PROVIDED MATERIAL -
--------------------------------
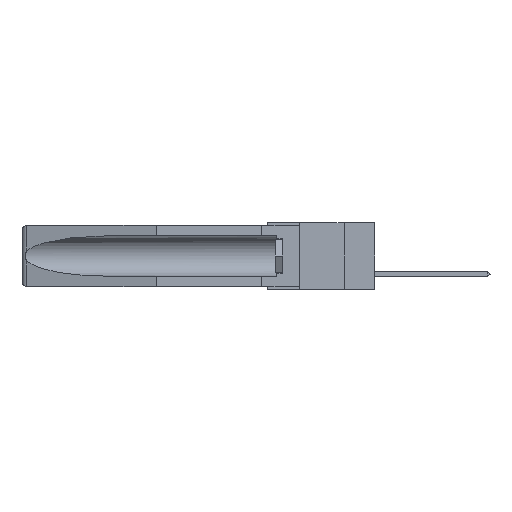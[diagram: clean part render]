
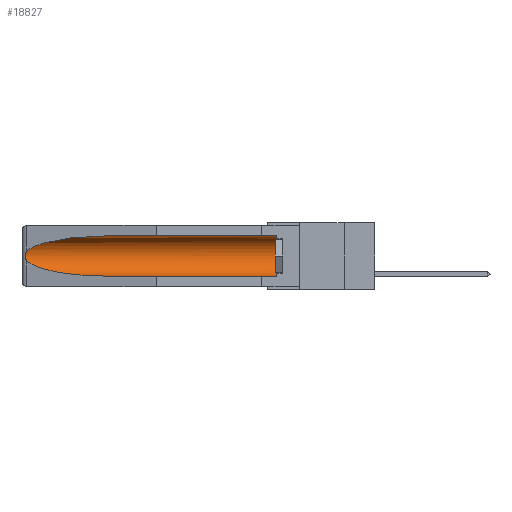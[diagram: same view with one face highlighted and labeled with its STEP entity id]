
A CAD part, left-side view. The second image highlights one B-rep face of the part: STEP entity #18827.
In plain terms, the highlighted cylindrical face has radius 2.857 mm (diameter 5.715 mm), a partial arc.
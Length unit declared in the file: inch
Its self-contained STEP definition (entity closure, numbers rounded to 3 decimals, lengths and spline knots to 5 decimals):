
#373 = CARTESIAN_POINT ( 'NONE',  ( 0.155, 0.126, -0.1715 ) ) ;
#594 = ORIENTED_EDGE ( 'NONE', *, *, #22313, .T. ) ;
#1143 = CARTESIAN_POINT ( 'NONE',  ( 0.155, 1.07973, -0.059 ) ) ;
#1163 = CARTESIAN_POINT ( 'NONE',  ( 0.26537, 1.52718, -0.19328 ) ) ;
#1576 = CARTESIAN_POINT ( 'NONE',  ( 0.21114, 1.30732, -0.284 ) ) ;
#2902 = CARTESIAN_POINT ( 'NONE',  ( 0.26537, 1.52718, -0.14972 ) ) ;
#2984 = B_SPLINE_CURVE_WITH_KNOTS ( 'NONE', 3,
 ( #5023, #14603, #18581, #18492, #6999, #6642, #16454, #20630, #20457, #1163 ),
 .UNSPECIFIED., .F., .F.,
 ( 4, 2, 2, 2, 4 ),
 ( 0., 0.00029, 0.00058, 0.00087, 0.00117 ),
 .UNSPECIFIED. ) ;
#3914 = ORIENTED_EDGE ( 'NONE', *, *, #4399, .F. ) ;
#4399 = EDGE_CURVE ( 'NONE', #21416, #6638, #22288, .T. ) ;
#5023 = CARTESIAN_POINT ( 'NONE',  ( 0.26537, 1.52718, -0.14972 ) ) ;
#5531 = AXIS2_PLACEMENT_3D ( 'NONE', #9179, #17011, #24579 ) ;
#5762 = VERTEX_POINT ( 'NONE', #22258 ) ;
#6288 = EDGE_CURVE ( 'NONE', #8545, #19154, #13918, .T. ) ;
#6368 = AXIS2_PLACEMENT_3D ( 'NONE', #373, #15615, #23417 ) ;
#6638 = VERTEX_POINT ( 'NONE', #8900 ) ;
#6642 = CARTESIAN_POINT ( 'NONE',  ( 0.2675, 1.53308, -0.17534 ) ) ;
#6999 = CARTESIAN_POINT ( 'NONE',  ( 0.2675, 1.53308, -0.16763 ) ) ;
#7879 = CARTESIAN_POINT ( 'NONE',  ( 0.26537, 1.52718, -0.14972 ) ) ;
#7973 = VECTOR ( 'NONE', #13182, 39.37008 ) ;
#8379 = ORIENTED_EDGE ( 'NONE', *, *, #6288, .T. ) ;
#8536 = EDGE_CURVE ( 'NONE', #10521, #8545, #15124, .T. ) ;
#8545 = VERTEX_POINT ( 'NONE', #10923 ) ;
#8815 = CARTESIAN_POINT ( 'NONE',  ( 0.155, 0.126, -0.059 ) ) ;
#8900 = CARTESIAN_POINT ( 'NONE',  ( 0.155, 1.07973, -0.284 ) ) ;
#9179 = CARTESIAN_POINT ( 'NONE',  ( 0.155, -0.30754, -0.1715 ) ) ;
#9299 = CARTESIAN_POINT ( 'NONE',  ( 0.26537, 1.52718, -0.19328 ) ) ;
#9382 = ORIENTED_EDGE ( 'NONE', *, *, #8536, .T. ) ;
#9802 = ORIENTED_EDGE ( 'NONE', *, *, #13835, .T. ) ;
#10521 = VERTEX_POINT ( 'NONE', #8815 ) ;
#10923 = CARTESIAN_POINT ( 'NONE',  ( 0.155, 1.07973, -0.059 ) ) ;
#11265 = CARTESIAN_POINT ( 'NONE',  ( 0.155, 1.07973, -0.284 ) ) ;
#11587 = CARTESIAN_POINT ( 'NONE',  ( 0.25451, 1.48313, -0.24835 ) ) ;
#11686 = EDGE_CURVE ( 'NONE', #19154, #5762, #2984, .T. ) ;
#11734 = VECTOR ( 'NONE', #22325, 39.37008 ) ;
#12529 = CARTESIAN_POINT ( 'NONE',  ( 0.25451, 1.48313, -0.09465 ) ) ;
#12539 = CARTESIAN_POINT ( 'NONE',  ( 0.155, -0.30754, -0.059 ) ) ;
#13160 =( BOUNDED_CURVE ( )  B_SPLINE_CURVE ( 3, ( #9299, #11587, #1576, #11265 ),
 .UNSPECIFIED., .F., .T. ) 
 B_SPLINE_CURVE_WITH_KNOTS ( ( 4, 4 ),
 ( 0.1948, 1.5708 ),
 .UNSPECIFIED. ) 
 CURVE ( )  GEOMETRIC_REPRESENTATION_ITEM ( )  RATIONAL_B_SPLINE_CURVE ( ( 1., 0.848, 0.848, 1. ) ) 
 REPRESENTATION_ITEM ( '' )  );
#13182 = DIRECTION ( 'NONE',  ( 0., 1., 0. ) ) ;
#13408 = CIRCLE ( 'NONE', #6368, 0.1125 ) ;
#13835 = EDGE_CURVE ( 'NONE', #5762, #6638, #13160, .T. ) ;
#13918 =( BOUNDED_CURVE ( )  B_SPLINE_CURVE ( 3, ( #1143, #22229, #12529, #2902 ),
 .UNSPECIFIED., .F., .T. ) 
 B_SPLINE_CURVE_WITH_KNOTS ( ( 4, 4 ),
 ( 4.71239, 6.08839 ),
 .UNSPECIFIED. ) 
 CURVE ( )  GEOMETRIC_REPRESENTATION_ITEM ( )  RATIONAL_B_SPLINE_CURVE ( ( 1., 0.848, 0.848, 1. ) ) 
 REPRESENTATION_ITEM ( '' )  );
#14552 = CARTESIAN_POINT ( 'NONE',  ( 0.155, 0.126, -0.284 ) ) ;
#14603 = CARTESIAN_POINT ( 'NONE',  ( 0.26597, 1.52961, -0.15275 ) ) ;
#15124 = LINE ( 'NONE', #12539, #11734 ) ;
#15615 = DIRECTION ( 'NONE',  ( 0., -1., 0. ) ) ;
#15827 = EDGE_LOOP ( 'NONE', ( #8379, #18094, #9802, #3914, #594, #9382 ) ) ;
#16454 = CARTESIAN_POINT ( 'NONE',  ( 0.2673, 1.53269, -0.17917 ) ) ;
#17011 = DIRECTION ( 'NONE',  ( 0., 1., 0. ) ) ;
#18094 = ORIENTED_EDGE ( 'NONE', *, *, #11686, .T. ) ;
#18492 = CARTESIAN_POINT ( 'NONE',  ( 0.2673, 1.5327, -0.16383 ) ) ;
#18581 = CARTESIAN_POINT ( 'NONE',  ( 0.26654, 1.53092, -0.15636 ) ) ;
#18827 = ADVANCED_FACE ( 'NONE', ( #22188 ), #21284, .F. ) ;
#19154 = VERTEX_POINT ( 'NONE', #7879 ) ;
#20457 = CARTESIAN_POINT ( 'NONE',  ( 0.26597, 1.5296, -0.19026 ) ) ;
#20630 = CARTESIAN_POINT ( 'NONE',  ( 0.26655, 1.53094, -0.18657 ) ) ;
#21284 = CYLINDRICAL_SURFACE ( 'NONE', #5531, 0.1125 ) ;
#21416 = VERTEX_POINT ( 'NONE', #14552 ) ;
#22188 = FACE_OUTER_BOUND ( 'NONE', #15827, .T. ) ;
#22229 = CARTESIAN_POINT ( 'NONE',  ( 0.21114, 1.30732, -0.059 ) ) ;
#22258 = CARTESIAN_POINT ( 'NONE',  ( 0.26537, 1.52718, -0.19328 ) ) ;
#22288 = LINE ( 'NONE', #24733, #7973 ) ;
#22313 = EDGE_CURVE ( 'NONE', #21416, #10521, #13408, .T. ) ;
#22325 = DIRECTION ( 'NONE',  ( 0., 1., 0. ) ) ;
#23417 = DIRECTION ( 'NONE',  ( 0., 0., 1. ) ) ;
#24579 = DIRECTION ( 'NONE',  ( 0., 0., 1. ) ) ;
#24733 = CARTESIAN_POINT ( 'NONE',  ( 0.155, -0.30754, -0.284 ) ) ;
--------------------------------
EXERCISE BRIEF - Take the material above from its first line through the line that has "#4399 = EDGE_CURVE" and copy it exactly, without any pictures.

RESPONSE BOX -
[diagram: clean part render]
[diagram: same view with one face highlighted and labeled with its STEP entity id]
A CAD part, left-side view. The second image highlights one B-rep face of the part: STEP entity #18827.
In plain terms, the highlighted cylindrical face has radius 2.857 mm (diameter 5.715 mm), a partial arc.
Length unit declared in the file: inch
Its self-contained STEP definition (entity closure, numbers rounded to 3 decimals, lengths and spline knots to 5 decimals):
#373 = CARTESIAN_POINT ( 'NONE',  ( 0.155, 0.126, -0.1715 ) ) ;
#594 = ORIENTED_EDGE ( 'NONE', *, *, #22313, .T. ) ;
#1143 = CARTESIAN_POINT ( 'NONE',  ( 0.155, 1.07973, -0.059 ) ) ;
#1163 = CARTESIAN_POINT ( 'NONE',  ( 0.26537, 1.52718, -0.19328 ) ) ;
#1576 = CARTESIAN_POINT ( 'NONE',  ( 0.21114, 1.30732, -0.284 ) ) ;
#2902 = CARTESIAN_POINT ( 'NONE',  ( 0.26537, 1.52718, -0.14972 ) ) ;
#2984 = B_SPLINE_CURVE_WITH_KNOTS ( 'NONE', 3,
 ( #5023, #14603, #18581, #18492, #6999, #6642, #16454, #20630, #20457, #1163 ),
 .UNSPECIFIED., .F., .F.,
 ( 4, 2, 2, 2, 4 ),
 ( 0., 0.00029, 0.00058, 0.00087, 0.00117 ),
 .UNSPECIFIED. ) ;
#3914 = ORIENTED_EDGE ( 'NONE', *, *, #4399, .F. ) ;
#4399 = EDGE_CURVE ( 'NONE', #21416, #6638, #22288, .T. ) ;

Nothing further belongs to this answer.